# new to fantasy



## loki619 (Mar 28, 2013)

my friends are tryin to get me into fantasy coz i pwn them too much at 40k so i can use there codex to tyr it out and learn it (very diff to 40k) my options are empire,high elves, orcs and goblins and demons am lookin to know what u think would be the best for me to play and some army ideas

the stuff that i would like to include is some strong magic and somthin that can fight

thx for ur info and ideas


----------



## Hellados (Sep 16, 2009)

I think high elves are good at magic but as a 40k player just getting into WFB I have to remind you to get magic items on your models or they'll get owned


----------



## Creon (Mar 5, 2009)

Dark Elves and High Elves are very magic and monster intensive, but hard to play for the beginner, as they have fewer models at a specific points level (expensive per model).
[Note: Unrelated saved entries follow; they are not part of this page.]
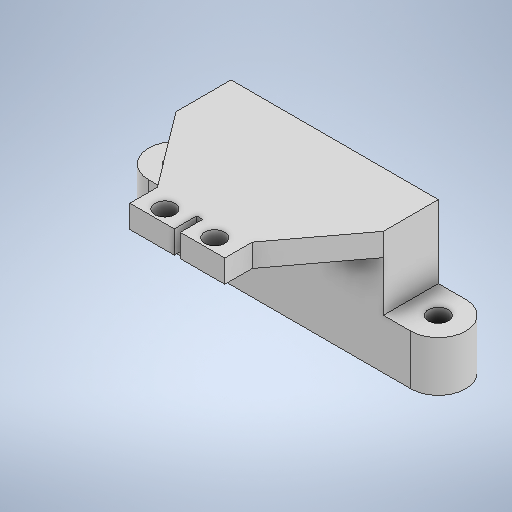
# Autodesk Inventor part: Servo holder long side
Saved by Autodesk Inventor 2025.1 (Build 291241000, 241)
## iProperties
Created: 2024-10-23
Part Number: Servo holder long side
Material: Generic
Document SubType Name: Modeling
Designer: m_kni
Density: 1 g/cm^3
Appearance: Default
Author: m_kni
Autodesk Inventor part; units mm, degrees
ref_plane "YZ Plane" through (0, 0, 0) normal (1, 0, 0) x (0, 1, 0)
ref_plane "XZ Plane" through (0, 0, 0) normal (0, 1, 0) x (-1, 0, 0)
ref_plane "XY Plane" through (0, 0, 0) normal (0, 0, 1) x (1, 0, 0)
sketch "Sketch1" plane through (0, 0, 0) normal (0, 1, 0) x (-1, 0, 0)
  circle A0 centre (-26.3449, -3.1424) radius 2
  arc A1 (-35.0949, -0.1424) -> (-17.5949, -0.1424) centre (-26.3449, -0.1424) ccw
  arc A2 (17.4051, -0.1424) -> (34.9051, -0.1424) centre (26.1551, -0.1424) ccw
  circle A3 centre (26.1551, -3.1424) radius 2
  circle A4 centre (-26.3449, -3.1424) radius 2
  circle A5 centre (26.1551, -3.1424) radius 2
  circle A6 centre (26.1551, -0.1424) radius 8.75
  circle A7 centre (-26.3449, -0.1424) radius 8.75
  line L0 (-35.0949, -0.1424) -> (-17.5949, -0.1424)
  line L1 (17.4051, -0.1424) -> (34.9051, -0.1424)
  circle A8 centre (-26.3449, -3.1424) radius 5.5
  circle A9 centre (26.1551, -3.1424) radius 5.5
  line L2 (-26.3449, -8.6424) -> (26.1551, -8.6424)
  line L3 (-26.3449, 2.3576) -> (26.1551, 2.3576)
  point P0 (0, 0)
  point P1 (-0.1898, -0.0949)
  dimension "d0" = 11
  dimension "d1" = 11
  constraints: 9 centre point, 8 end point, 8 point on circle, 6 coincident, 3 concentric, 2 tangent, 1 collinear, 1 horizontal, 1 horizontal alignment, 3 other
  measures "d0" diameter of A8
  measures "d1" diameter of A9
extrude "Extrusion1" add sketch "Sketch1" along normal blind 20 contours L2 A8 L0 A1 | A1 A7 L3 A6 A2 L2 | A7 L0 A8 L3 | A8 L0 | L0 A8 | A2 L1 A9 L2 | L3 A9 L1 A6 | A9 L1 | A9 L1 picked at (-18.8837, -1.0963) picked at (-20.7697, 1.0381) picked at (18.6638, -1.1758) picked at (20.5799, 1.0381)
sketch "Sketch2" plane through (0, 20, 0) normal (0, 1, 0) x (1, 0, 0)
  circle A0 centre (-26.1551, 3.1424) radius 2 projected
  circle A1 centre (26.3449, 3.1424) radius 2 projected
  circle A2 centre (-26.1551, 3.1424) radius 5.5
  circle A3 centre (26.3449, 3.1424) radius 5.5
  line L0 (26.3449, 8.6424) -> (-26.1551, 8.6424) projected
  line L1 (-20.6551, 8.6424) -> (-20.6551, -2.3576)
  line L2 (-26.1551, -2.3576) -> (26.3449, -2.3576) projected
  line L3 (20.8449, 8.6424) -> (20.8449, -2.3576)
  line L4 (-26.1551, 8.6424) -> (-20.6551, 8.6424)
  line L5 (-26.1551, -2.3576) -> (-20.6551, -2.3576)
  line L6 (20.8449, 8.6424) -> (26.3449, 8.6424)
  line L7 (20.8449, -2.3576) -> (26.3449, -2.3576)
  point P0 (0, 0)
  constraints: 12 end point, 3 tangent, 2 centre point, 2 coincident, 2 collinear, 2 parallel, 2 point on line, 2 vertical
extrude "Extrusion2" cut sketch "Sketch2" against normal blind 10 contours A2 | L1 L2 A2 | A2 L0 L1 | L0 A3 L3 | L3 A3 L2 | A3
sketch "Sketch4" plane through (0, 20, 0) normal (0, 1, 0) x (1, 0, 0)
  line L0 (20.8449, 8.6424) -> (-20.6551, 8.6424) projected
  line L1 (-20.6551, -2.3576) -> (20.8449, -2.3576) projected
  line L2 (-20.6551, 8.6424) -> (20.8449, 8.6424)
  line L3 (20.8449, 8.6424) -> (20.8449, -2.3576)
  line L4 (20.8449, -2.3576) -> (-20.6551, -2.3576)
  line L5 (-20.6551, -2.3576) -> (-20.6551, 8.6424)
  line L6 (-20.6551, -2.3576) -> (20.8449, -2.3576)
  line L7 (20.8449, -2.3576) -> (20.8449, -17.3636)
  line L8 (20.8449, -17.3636) -> (-20.6551, -17.3636)
  line L9 (-20.6551, -17.3636) -> (-20.6551, -2.3576)
  line L10 (9.5949, -22.8636) -> (-9.4051, -22.8636)
  line L11 (-9.4051, -22.8636) -> (-9.4051, -11.8636)
  line L12 (-9.4051, -11.8636) -> (9.5949, -11.8636)
  line L13 (9.5949, -11.8636) -> (9.5949, -22.8636)
  line L14 (9.5949, -22.8636) -> (-9.4051, -11.8636) construction
  line L15 (-9.4051, -22.8636) -> (9.5949, -11.8636) construction
  circle A0 centre (-4.9051, -20.3636) radius 2
  circle A1 centre (5.0949, -20.3636) radius 2
  point P0 (0, 0)
  point P1 (-9.4051, -17.3636)
  point P2 (9.5949, -17.3636)
  dimension "d27" = 19
  dimension "d28" = 11
  dimension "d29" = 4
  dimension "d30" = 3
  dimension "d31" = 4.5
  dimension "d32" = 4
  dimension "d33" = 3
  dimension "d34" = 4.5
  dimension "d37" = 20.506
  constraints: 28 end point, 6 parallel, 3 horizontal, 3 perpendicular, 2 centre point, 1 point on line
  measures "d27" distance of L11.end L12.end
  measures "d28" distance of L10.end L11.end
  measures "d29" diameter of A0
  measures "d30" distance from line of A0.centre L8
  measures "d31" distance from line of A0.centre L11
  measures "d32" diameter of A1
  measures "d33" distance from line of L8 A1.centre
  measures "d34" distance from line of L13 A1.centre
  measures "d37" distance between parallel lines of L1 L10
extrude "Extrusion5" add sketch "Sketch4" along normal blind 4.56
sketch "Sketch5" plane through (0, 24.56, 0) normal (0, 1, 0) x (1, 0, 0)
  line L0 (-9.4051, -22.8636) -> (9.5949, -22.8636) projected
  line L1 (9.5949, -17.3636) -> (20.8449, -17.3636) projected
  line L2 (-9.4051, -22.8636) -> (9.5949, -22.8636)
  line L3 (9.5949, -22.8636) -> (9.5949, -17.3636)
  line L4 (9.5949, -17.3636) -> (-9.4051, -17.3636)
  line L5 (-9.4051, -17.3636) -> (-9.4051, -22.8636)
  line L6 (-0.5051, -27.3636) -> (0.6949, -27.3636)
  line L7 (0.6949, -27.3636) -> (0.6949, -18.3636)
  line L8 (0.6949, -18.3636) -> (-0.5051, -18.3636)
  line L9 (-0.5051, -18.3636) -> (-0.5051, -27.3636)
  line L10 (-0.5051, -27.3636) -> (0.6949, -18.3636) construction
  line L11 (0.6949, -27.3636) -> (-0.5051, -18.3636) construction
  point P0 (0, 0)
  point P1 (0.0949, -22.8636)
  dimension "d41" = 1.2
  constraints: 20 end point, 4 parallel, 3 midpoint, 2 horizontal, 2 perpendicular
  measures "d41" distance of L8.end L7.end
extrude "Extrusion6" cut sketch "Sketch5" against normal blind 4.56 contours L9 L8 L7 L0 | L0 L7 L6 L9
sketch "Sketch6" plane through (0, 24.56, 0) normal (0, 1, 0) x (1, 0, 0)
  line L0 (26.3449, -2.3576) -> (20.8449, -2.3576) projected
  arc A0 (26.3449, -2.3576) -> (26.3449, 8.6424) centre (26.3449, 3.1424) ccw projected
  line L1 (20.8449, 8.6424) -> (26.3449, 8.6424) projected
  line L2 (20.8449, -2.3576) -> (20.8449, 8.6424) projected
  circle A1 centre (26.3449, 3.1424) radius 2 projected
  line L3 (-20.6551, -2.3576) -> (-26.1551, -2.3576) projected
  line L4 (-20.6551, 8.6424) -> (-20.6551, -2.3576) projected
  line L5 (-26.1551, 8.6424) -> (-20.6551, 8.6424) projected
  arc A2 (-26.1551, 8.6424) -> (-26.1551, -2.3576) centre (-26.1551, 3.1424) ccw projected
  circle A3 centre (-26.1551, 3.1424) radius 2 projected
  circle A4 centre (5.0949, -20.3636) radius 2 projected
  circle A5 centre (-4.9051, -20.3636) radius 2 projected
  line L6 (-0.5051, -22.8636) -> (-0.5051, -18.3636) projected
  line L7 (-0.5051, -18.3636) -> (0.6949, -18.3636) projected
  line L8 (0.6949, -18.3636) -> (0.6949, -22.8636) projected
  line L9 (0.6949, -22.8636) -> (9.5949, -22.8636) projected
  line L10 (9.5949, -22.8636) -> (9.5949, -17.3636) projected
  line L11 (9.5949, -17.3636) -> (20.8449, -17.3636) projected
  line L12 (20.8449, -17.3636) -> (20.8449, 8.6424) projected
  line L13 (20.8449, 8.6424) -> (-20.6551, 8.6424) projected
  line L14 (-20.6551, 8.6424) -> (-20.6551, -17.3636) projected
  line L15 (-20.6551, -17.3636) -> (-9.4051, -17.3636) projected
  line L16 (-9.4051, -17.3636) -> (-9.4051, -22.8636) projected
  line L17 (-9.4051, -22.8636) -> (-0.5051, -22.8636) projected
  line L18 (20.8449, -2.3576) -> (9.5949, -17.3636)
  line L19 (9.5949, -17.3636) -> (-9.4051, -17.3636)
  line L20 (20.8449, -17.3636) -> (20.8449, 8.6424) projected
  line L21 (-9.4051, -17.3636) -> (-20.6551, -2.3576)
  line L22 (-9.4051, -17.3636) -> (-20.6551, -17.3636)
  line L23 (-20.6551, -17.3636) -> (-20.6551, -2.3576)
  line L24 (20.8449, -17.3636) -> (9.5949, -17.3636)
  line L25 (20.8449, -17.3636) -> (20.8449, -2.3576)
  point P0 (0, 0)
  constraints: 14 end point, 3 collinear, 1 perpendicular
extrude "Extrusion7" cut sketch "Sketch6" against normal blind 4.56 contours L12 L11 L18 | L15 L14 L21
body "Solid1"

Orcs are pretty easy as charging the enemy is their forte, their magic is strongish, but they suffer from not having a really heavy hitting large unit. Empire has lots of cheap heroes, and is stubborn, but dies in droves and depends on artillery and it's tank, just like the guard. The High elves are the least difficult to learn, as you don't have to worry about so many units.


----------



## Ravion (Nov 3, 2010)

Just go with high elves. They are currently the best army for beginners to start out with. The core is cheap. Their archers and bolt throwers have very nice range. The one thing that you have to careful when playing with them is when they are in close combat. They can be somewhat squishy. Other than that, just pound the enemy with magic and your range units and you will be fine.


----------